- Exercise aim -
Somewhere below are a line with "#94=DIRECTION('',(-1.,0.,0.));" and a later line with "#121=EDGE_CURVE('E211',#112,#120,#118,.T.);". Output exactly those lines and all lines between them.

--- Input Enclosed Below ---

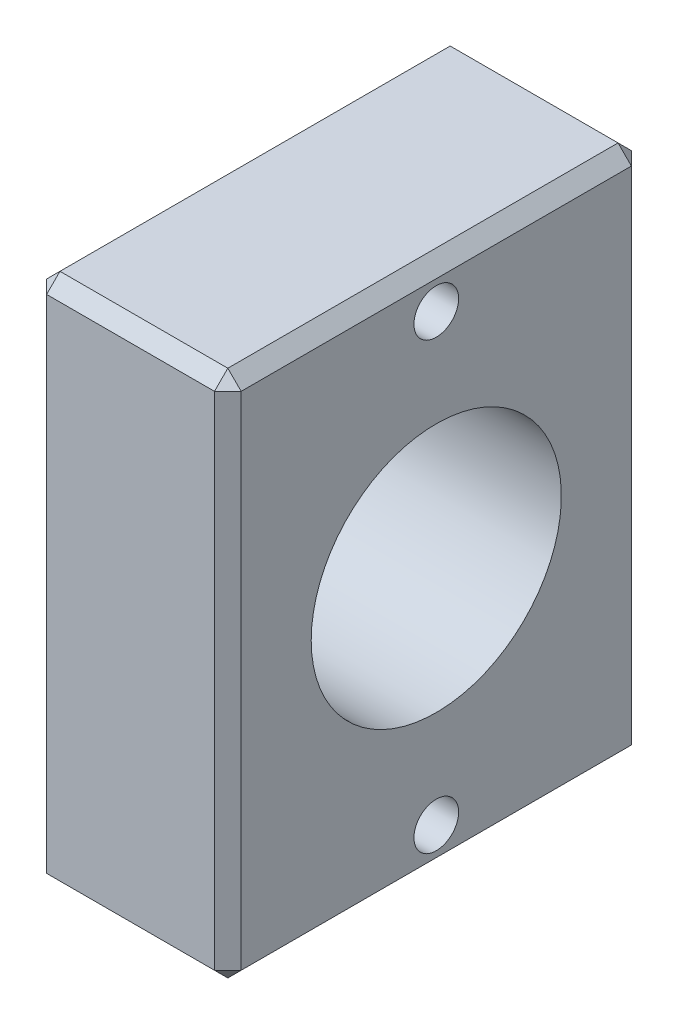
ISO-10303-21;
HEADER;
FILE_DESCRIPTION(('STEP AP214'),'2;1');
FILE_NAME('part.step','',(''),(''),'','','');
FILE_SCHEMA(('AUTOMOTIVE_DESIGN { 1 0 10303 214 1 1 1 1 }'));
ENDSEC;
DATA;
#1=APPLICATION_CONTEXT('core data for automotive mechanical design processes');
#2=APPLICATION_PROTOCOL_DEFINITION('international standard','automotive_design',2000,#1);
#3=PRODUCT_CONTEXT('',#1,'mechanical');
#4=PRODUCT('Part','Part','',(#3));
#5=PRODUCT_RELATED_PRODUCT_CATEGORY('part','',(#4));
#6=PRODUCT_DEFINITION_FORMATION('','',#4);
#7=PRODUCT_DEFINITION_CONTEXT('part definition',#1,'design');
#8=PRODUCT_DEFINITION('design','',#6,#7);
#9=PRODUCT_DEFINITION_SHAPE('','',#8);
#10=(LENGTH_UNIT() NAMED_UNIT(*) SI_UNIT(.MILLI.,.METRE.));
#11=(NAMED_UNIT(*) PLANE_ANGLE_UNIT() SI_UNIT($,.RADIAN.));
#12=(NAMED_UNIT(*) SI_UNIT($,.STERADIAN.) SOLID_ANGLE_UNIT());
#13=UNCERTAINTY_MEASURE_WITH_UNIT(LENGTH_MEASURE(1.E-05),#10,'distance_accuracy_value','');
#14=(GEOMETRIC_REPRESENTATION_CONTEXT(3) GLOBAL_UNCERTAINTY_ASSIGNED_CONTEXT((#13)) GLOBAL_UNIT_ASSIGNED_CONTEXT((#10,
#11,#12)) REPRESENTATION_CONTEXT('',''));
#15=CARTESIAN_POINT('',(0.,0.,0.));
#16=DIRECTION('',(0.,0.,1.));
#17=DIRECTION('',(1.,0.,0.));
#18=AXIS2_PLACEMENT_3D('',#15,#16,#17);
#19=CARTESIAN_POINT('',(-11.1125,30.1625,23.8125));
#20=DIRECTION('',(1.,0.,0.));
#21=DIRECTION('',(0.,0.,-1.));
#22=AXIS2_PLACEMENT_3D('',#19,#20,#21);
#23=PLANE('',#22);
#24=DIRECTION('',(0.,-1.,0.));
#25=VECTOR('',#24,1.);
#26=CARTESIAN_POINT('',(-11.1125,30.1625,-22.2885));
#27=LINE('',#26,#25);
#28=CARTESIAN_POINT('',(-11.1125,28.6385,-22.2885));
#29=VERTEX_POINT('',#28);
#30=CARTESIAN_POINT('',(-11.1125,-28.6385,-22.2885));
#31=VERTEX_POINT('',#30);
#32=EDGE_CURVE('E189',#29,#31,#27,.T.);
#33=ORIENTED_EDGE('',*,*,#32,.T.);
#34=DIRECTION('',(0.,0.,1.));
#35=VECTOR('',#34,1.);
#36=CARTESIAN_POINT('',(-11.1125,-28.6385,23.8125));
#37=LINE('',#36,#35);
#38=CARTESIAN_POINT('',(-11.1125,-28.6385,22.2885));
#39=VERTEX_POINT('',#38);
#40=EDGE_CURVE('E191',#31,#39,#37,.T.);
#41=ORIENTED_EDGE('',*,*,#40,.T.);
#42=DIRECTION('',(0.,1.,0.));
#43=VECTOR('',#42,1.);
#44=CARTESIAN_POINT('',(-11.1125,30.1625,22.2885));
#45=LINE('',#44,#43);
#46=CARTESIAN_POINT('',(-11.1125,28.6385,22.2885));
#47=VERTEX_POINT('',#46);
#48=EDGE_CURVE('E185',#39,#47,#45,.T.);
#49=ORIENTED_EDGE('',*,*,#48,.T.);
#50=DIRECTION('',(0.,0.,-1.));
#51=VECTOR('',#50,1.);
#52=CARTESIAN_POINT('',(-11.1125,28.6385,-23.8125));
#53=LINE('',#52,#51);
#54=EDGE_CURVE('E187',#47,#29,#53,.T.);
#55=ORIENTED_EDGE('',*,*,#54,.T.);
#56=EDGE_LOOP('',(#33,#41,#49,#55));
#57=FACE_BOUND('',#56,.T.);
#58=CARTESIAN_POINT('',(-11.1125,-25.4,0.));
#59=DIRECTION('',(-1.,0.,0.));
#60=DIRECTION('',(0.,0.,1.));
#61=AXIS2_PLACEMENT_3D('',#58,#59,#60);
#62=CIRCLE('',#61,2.5527);
#63=CARTESIAN_POINT('',(-11.1125,-25.4,2.5527));
#64=VERTEX_POINT('',#63);
#65=EDGE_CURVE('E274',#64,#64,#62,.T.);
#66=ORIENTED_EDGE('',*,*,#65,.F.);
#67=EDGE_LOOP('',(#66));
#68=FACE_BOUND('',#67,.T.);
#69=CARTESIAN_POINT('',(-11.1125,25.4,0.));
#70=DIRECTION('',(-1.,0.,0.));
#71=DIRECTION('',(0.,0.,1.));
#72=AXIS2_PLACEMENT_3D('',#69,#70,#71);
#73=CIRCLE('',#72,2.5527);
#74=CARTESIAN_POINT('',(-11.1125,25.4,2.5527));
#75=VERTEX_POINT('',#74);
#76=EDGE_CURVE('E283',#75,#75,#73,.T.);
#77=ORIENTED_EDGE('',*,*,#76,.F.);
#78=EDGE_LOOP('',(#77));
#79=FACE_BOUND('',#78,.T.);
#80=CARTESIAN_POINT('',(-11.1125,0.,0.));
#81=DIRECTION('',(-1.,0.,0.));
#82=DIRECTION('',(0.,0.,1.));
#83=AXIS2_PLACEMENT_3D('',#80,#81,#82);
#84=CIRCLE('',#83,14.2875);
#85=CARTESIAN_POINT('',(-11.1125,0.,14.2875));
#86=VERTEX_POINT('',#85);
#87=EDGE_CURVE('E169',#86,#86,#84,.T.);
#88=ORIENTED_EDGE('',*,*,#87,.F.);
#89=EDGE_LOOP('',(#88));
#90=FACE_BOUND('',#89,.T.);
#91=ADVANCED_FACE('F41',(#57,#68,#79,#90),#23,.F.);
#92=CARTESIAN_POINT('',(11.1125,30.1625,23.8125));
#93=DIRECTION('',(0.,0.,-1.));
#94=DIRECTION('',(-1.,0.,0.));
#95=AXIS2_PLACEMENT_3D('',#92,#93,#94);
#96=PLANE('',#95);
#97=DIRECTION('',(-1.,0.,0.));
#98=VECTOR('',#97,1.);
#99=CARTESIAN_POINT('',(-11.1125,28.6385,23.8125));
#100=LINE('',#99,#98);
#101=CARTESIAN_POINT('',(9.5885,28.6385,23.8125));
#102=VERTEX_POINT('',#101);
#103=CARTESIAN_POINT('',(-9.58850000000001,28.6385,23.8125));
#104=VERTEX_POINT('',#103);
#105=EDGE_CURVE('E51',#102,#104,#100,.T.);
#106=ORIENTED_EDGE('',*,*,#105,.T.);
#107=DIRECTION('',(0.,-1.,0.));
#108=VECTOR('',#107,1.);
#109=CARTESIAN_POINT('',(-9.58850000000001,30.1625,23.8125));
#110=LINE('',#109,#108);
#111=CARTESIAN_POINT('',(-9.58850000000001,-28.6385,23.8125));
#112=VERTEX_POINT('',#111);
#113=EDGE_CURVE('E11',#104,#112,#110,.T.);
#114=ORIENTED_EDGE('',*,*,#113,.T.);
#115=DIRECTION('',(1.,0.,0.));
#116=VECTOR('',#115,1.);
#117=CARTESIAN_POINT('',(11.1125,-28.6385,23.8125));
#118=LINE('',#117,#116);
#119=CARTESIAN_POINT('',(9.5885,-28.6385,23.8125));
#120=VERTEX_POINT('',#119);
#121=EDGE_CURVE('E211',#112,#120,#118,.T.);
#122=ORIENTED_EDGE('',*,*,#121,.T.);
#123=DIRECTION('',(0.,1.,0.));
#124=VECTOR('',#123,1.);
#125=CARTESIAN_POINT('',(9.5885,30.1625,23.8125));
#126=LINE('',#125,#124);
#127=EDGE_CURVE('E62',#120,#102,#126,.T.);
#128=ORIENTED_EDGE('',*,*,#127,.T.);
#129=EDGE_LOOP('',(#106,#114,#122,#128));
#130=FACE_BOUND('',#129,.T.);
#131=ADVANCED_FACE('F293',(#130),#96,.F.);
#132=CARTESIAN_POINT('',(11.1125,30.1625,23.8125));
#133=DIRECTION('',(-1.,0.,0.));
#134=DIRECTION('',(0.,0.,1.));
#135=AXIS2_PLACEMENT_3D('',#132,#133,#134);
#136=PLANE('',#135);
#137=DIRECTION('',(0.,-1.,0.));
#138=VECTOR('',#137,1.);
#139=CARTESIAN_POINT('',(11.1125,30.1625,22.2885));
#140=LINE('',#139,#138);
#141=CARTESIAN_POINT('',(11.1125,28.6385,22.2885));
#142=VERTEX_POINT('',#141);
#143=CARTESIAN_POINT('',(11.1125,-28.6385,22.2885));
#144=VERTEX_POINT('',#143);
#145=EDGE_CURVE('E135',#142,#144,#140,.T.);
#146=ORIENTED_EDGE('',*,*,#145,.T.);
#147=DIRECTION('',(0.,0.,-1.));
#148=VECTOR('',#147,1.);
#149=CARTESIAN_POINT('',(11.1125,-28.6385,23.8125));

--- End of Enclosed Input ---

- Answer box -
#94=DIRECTION('',(-1.,0.,0.));
#95=AXIS2_PLACEMENT_3D('',#92,#93,#94);
#96=PLANE('',#95);
#97=DIRECTION('',(-1.,0.,0.));
#98=VECTOR('',#97,1.);
#99=CARTESIAN_POINT('',(-11.1125,28.6385,23.8125));
#100=LINE('',#99,#98);
#101=CARTESIAN_POINT('',(9.5885,28.6385,23.8125));
#102=VERTEX_POINT('',#101);
#103=CARTESIAN_POINT('',(-9.58850000000001,28.6385,23.8125));
#104=VERTEX_POINT('',#103);
#105=EDGE_CURVE('E51',#102,#104,#100,.T.);
#106=ORIENTED_EDGE('',*,*,#105,.T.);
#107=DIRECTION('',(0.,-1.,0.));
#108=VECTOR('',#107,1.);
#109=CARTESIAN_POINT('',(-9.58850000000001,30.1625,23.8125));
#110=LINE('',#109,#108);
#111=CARTESIAN_POINT('',(-9.58850000000001,-28.6385,23.8125));
#112=VERTEX_POINT('',#111);
#113=EDGE_CURVE('E11',#104,#112,#110,.T.);
#114=ORIENTED_EDGE('',*,*,#113,.T.);
#115=DIRECTION('',(1.,0.,0.));
#116=VECTOR('',#115,1.);
#117=CARTESIAN_POINT('',(11.1125,-28.6385,23.8125));
#118=LINE('',#117,#116);
#119=CARTESIAN_POINT('',(9.5885,-28.6385,23.8125));
#120=VERTEX_POINT('',#119);
#121=EDGE_CURVE('E211',#112,#120,#118,.T.);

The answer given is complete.